The authors use a synthesized dataset called CHIMERA to fine-tune a 4B-parameter base model, achieving performance competitive with models up to two orders of magnitude larger. Results show consistent gains across multiple reasoning benchmarks, with supervised fine-tuning alone accounting for most of the improvement, indicating the dataset’s high quality and difficulty. Inference-time scaling further reveals enhanced reasoning robustness, as performance gaps widen with increased sampling, suggesting broader coverage of valid solution paths.

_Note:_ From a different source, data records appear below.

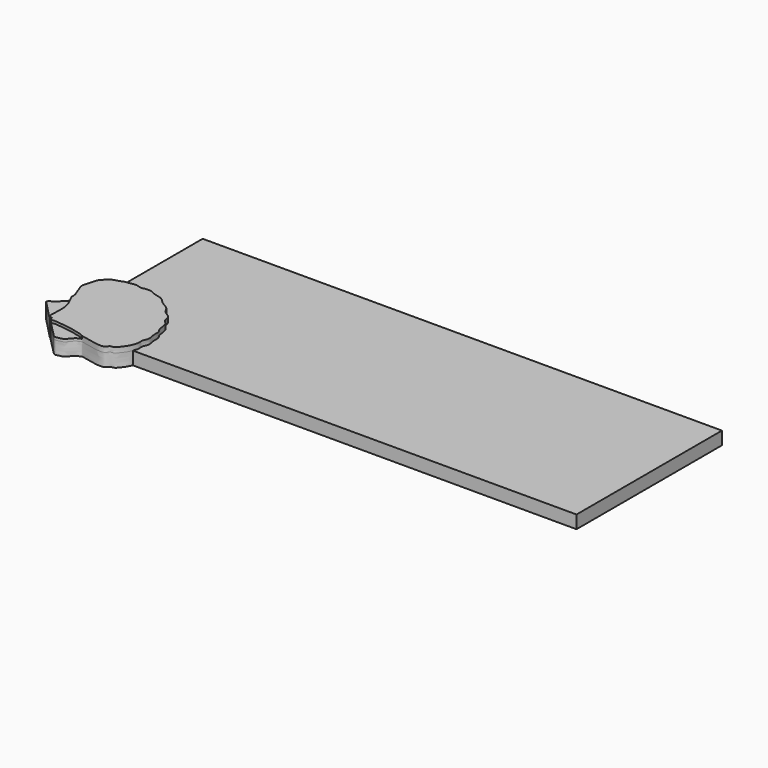
from build123d import *

# Parameters (mm, degrees)
F0_W          = 508
F0_H          = 177.8
F1_DEPTH      = 12.7
F4_DEPTH      = 12.7
F4_DEPTH_BACK = 5.08
F6_DEPTH      = 2.54


# Not quite as in the source:
# - the dataset's text gives a spline's control points without its knots; the knots are read off the source's solid


with BuildPart() as f1:
    # F0 (on Top) → F1 (new body)
    with BuildSketch(Plane.XY):
        Rectangle(F0_W, F0_H)
    extrude(amount=F1_DEPTH)

    # F3 (on face) → F4 (join, two sides)
    with BuildSketch(Plane.XY.offset(12.7)) as f4_sk:
        with BuildLine():
            add(Edge.make_bspline(
                [(-240.4387295246, -110.2688536048), (-239.7051986407, -111.0748850486), (-238.2641163582, -112.6584006965), (-235.2912335904, -111.9026221808), (-229.2381718402, -110.8419305219), (-227.0993916138, -106.6789146068), (-222.6995516224, -102.782071218), (-221.1790633511, -102.9183063508), (-219.8400801696, -101.7005143284), (-217.8203972939, -101.9296627609), (-212.4394677475, -103.1160593004), (-207.0370178023, -104.5088153919), (-200.4786957961, -105.5683418099), (-194.0950272547, -105.3397084837), (-192.7559850243, -101.0478482604), (-188.6782371307, -101.6121758975), (-185.4442125231, -97.7577508085), (-181.2489709308, -92.380579388), (-177.7257971457, -83.1360845172), (-179.4681627126, -79.5104890567), (-175.7040088945, -73.862192969), (-178.121500562, -67.4594844687), (-177.3641942685, -59.6556343554), (-180.867811307, -56.7481958192), (-180.8908481757, -45.5107362161), (-187.1323683475, -42.8995132365), (-186.6137909952, -35.0104892079), (-194.717327854, -32.3412016897), (-197.2445361966, -25.1829254152), (-202.7202510362, -22.4063482373), (-206.5360488835, -20.2143526951), (-210.1285132016, -15.4036668975), (-216.1747342712, -14.0173374922), (-220.3348552455, -13.0048669516), (-224.1354746673, -10.4978803172), (-230.6992753238, -10.6092105052), (-234.6813738561, -12.0408539375), (-239.0556379416, -9.5867149313), (-244.5594469356, -10.7151825488), (-250.4291116751, -11.378726385), (-254.5279405885, -13.5734994705), (-259.1780728115, -14.1353279262), (-262.2182152332, -16.8634259737), (-265.2208806455, -19.2320371154), (-267.9782545654, -22.4203833041), (-269.8411298683, -30.0636295196), (-271.9655718456, -36.5658221469), (-270.5631511784, -40.7346843912), (-267.4014672455, -48.4164619197), (-265.7871314271, -53.1938772949), (-266.4945228112, -60.0536176297), (-271.4618335405, -63.5192155045), (-274.9769319168, -66.9757623423), (-277.1950158231, -68.185338466), (-278.0953961719, -68.9306411766), (-278.5488670213, -69.1101614183), (-280.0349268792, -70.7807233404), (-278.5779237747, -71.630641818)],
                knots=[0, 0, 0, 0, 0.0142616055, 0.0282525416, 0.0481365155, 0.0663565385, 0.0858116795, 0.0955478407, 0.1057937238, 0.1172046473, 0.1365142573, 0.1565422226, 0.178296581, 0.1981966978, 0.2136916402, 0.228771452, 0.2464797559, 0.2689662054, 0.2943920012, 0.3101317365, 0.3301173561, 0.3518345571, 0.374113099, 0.3911763961, 0.4175369934, 0.4374585861, 0.4583521238, 0.4809459072, 0.5031937122, 0.5231432246, 0.5405283668, 0.5604126612, 0.5807938726, 0.5978739122, 0.6153247399, 0.6362499129, 0.6530397121, 0.6706356332, 0.6902034801, 0.7103871671, 0.7282286999, 0.745824621, 0.7623756412, 0.7784260605, 0.7951420444, 0.8185487682, 0.839965304, 0.8571701798, 0.8808429325, 0.8999737296, 0.9206064213, 0.9408137908, 0.9593472467, 0.9723775492, 0.9806544811, 0.9871724167, 1, 1, 1, 1], degree=3))
            Line((-278.5779237747, -71.630641818), (-258.092045784, -92.7531272173))
            Line((-258.092045784, -92.7531272173), (-255.9503316879, -92.7531272173))
            Line((-255.9503316879, -92.7531272173), (-255.9503316879, -94.6271494031))
            Line((-255.9503316879, -94.6271494031), (-240.4387295246, -110.2688536048))
        make_face()
    extrude(amount=-F4_DEPTH)
    extrude(f4_sk.sketch, amount=F4_DEPTH_BACK)

    # F5 (on face) → F6 (cut)
    with BuildSketch(Plane.XY.offset(17.78)):
        with BuildLine():
            add(Edge.make_bspline(
                [(-266.2298315407, -56.2032756853), (-265.7307978524, -57.2547741774), (-264.6827688199, -59.4787429503), (-262.2987003092, -63.5211859219), (-259.1637582398, -71.8378540614), (-259.4355894938, -81.0050752088), (-259.5171876554, -86.8522617588), (-259.8938502675, -89.0001691199), (-259.386488254, -90.2386261239), (-259.5751738001, -91.2239103647)],
                knots=[0, 0, 0, 0, 0.1218544331, 0.2618023507, 0.4550906777, 0.6563755288, 0.8112074375, 0.9021679838, 1, 1, 1, 1], degree=3))
            add(Edge.make_bspline(
                [(-266.2298315407, -56.2032756853), (-266.3796394264, -57.3738886427), (-267.2655118058, -60.5915219338), (-271.4618335405, -63.5192155045), (-274.9769319168, -66.9757623423), (-277.1950158231, -68.185338466), (-278.0953961719, -68.9306411766), (-278.5488670213, -69.1101614183), (-280.0349268792, -70.7807233404), (-278.5779237747, -71.630641818)],
                knots=[0.9091892449, 0.9091892449, 0.9091892449, 0.9091892449, 0.9206064213, 0.9408137908, 0.9593472467, 0.9723775492, 0.9806544811, 0.9871724167, 1, 1, 1, 1], degree=3))
            Line((-278.5779237747, -71.6306418181), (-259.5751738001, -91.2239103647))
        make_face()
        with BuildLine():
            add(Edge.make_bspline(
                [(-240.4387295246, -110.2688536048), (-239.7051986407, -111.0748850486), (-238.2641163582, -112.6584006965), (-235.2912335904, -111.9026221808), (-229.2381718402, -110.8419305219), (-227.0993916138, -106.6789146068), (-222.6995516224, -102.782071218), (-221.1790633511, -102.9183063509), (-220.2588870417, -102.0814150558), (-219.7109604479, -101.9094062854), (-219.6359576877, -101.890949453)],
                knots=[0, 0, 0, 0, 0.0142616055, 0.0282525416, 0.0481365155, 0.0663565385, 0.0858116795, 0.0955478407, 0.1057937238, 0.1073855615, 0.1073855615, 0.1073855615, 0.1073855615], degree=3))
            add(Edge.make_bspline(
                [(-219.6359576877, -101.890949453), (-220.3852001837, -101.2988761624), (-222.0968561153, -99.9304522565), (-227.2786685857, -99.2122646483), (-231.4429206973, -97.8065637376), (-238.2050623491, -96.7174296376), (-243.1780188905, -95.9940477016), (-251.3919772148, -95.0017124444), (-253.6224491485, -95.8020710086), (-254.480018374, -96.1097948254)],
                knots=[0, 0, 0, 0, 0.1113315842, 0.2544970345, 0.3921545206, 0.5556763146, 0.7058384241, 0.8868720946, 1, 1, 1, 1], degree=3))
            Line((-254.480018374, -96.1097948254), (-240.4387295246, -110.2688536048))
        make_face()
    extrude(amount=-F6_DEPTH, mode=Mode.SUBTRACT)


solid = f1.part

The authors evaluate lexical overlap between their synthesized training data and evaluation benchmarks using n-gram Jaccard similarity, finding near-zero contamination across both GPQA-Diamond and HLE. This indicates that performance gains are not due to memorization or data leakage, but reflect genuine improvements in reasoning capability. The results support the validity of the model’s generalization to unseen, challenging problems.

The authors use a synthesized dataset called CHIMERA to fine-tune a 4B-parameter base model, achieving performance competitive with models up to two orders of magnitude larger. Results show consistent gains across multiple reasoning benchmarks, with supervised fine-tuning alone accounting for most of the improvement, indicating the dataset’s high quality and difficulty. Inference-time scaling further reveals enhanced reasoning robustness, as performance gaps widen with increased sampling, suggesting broader coverage of valid solution paths.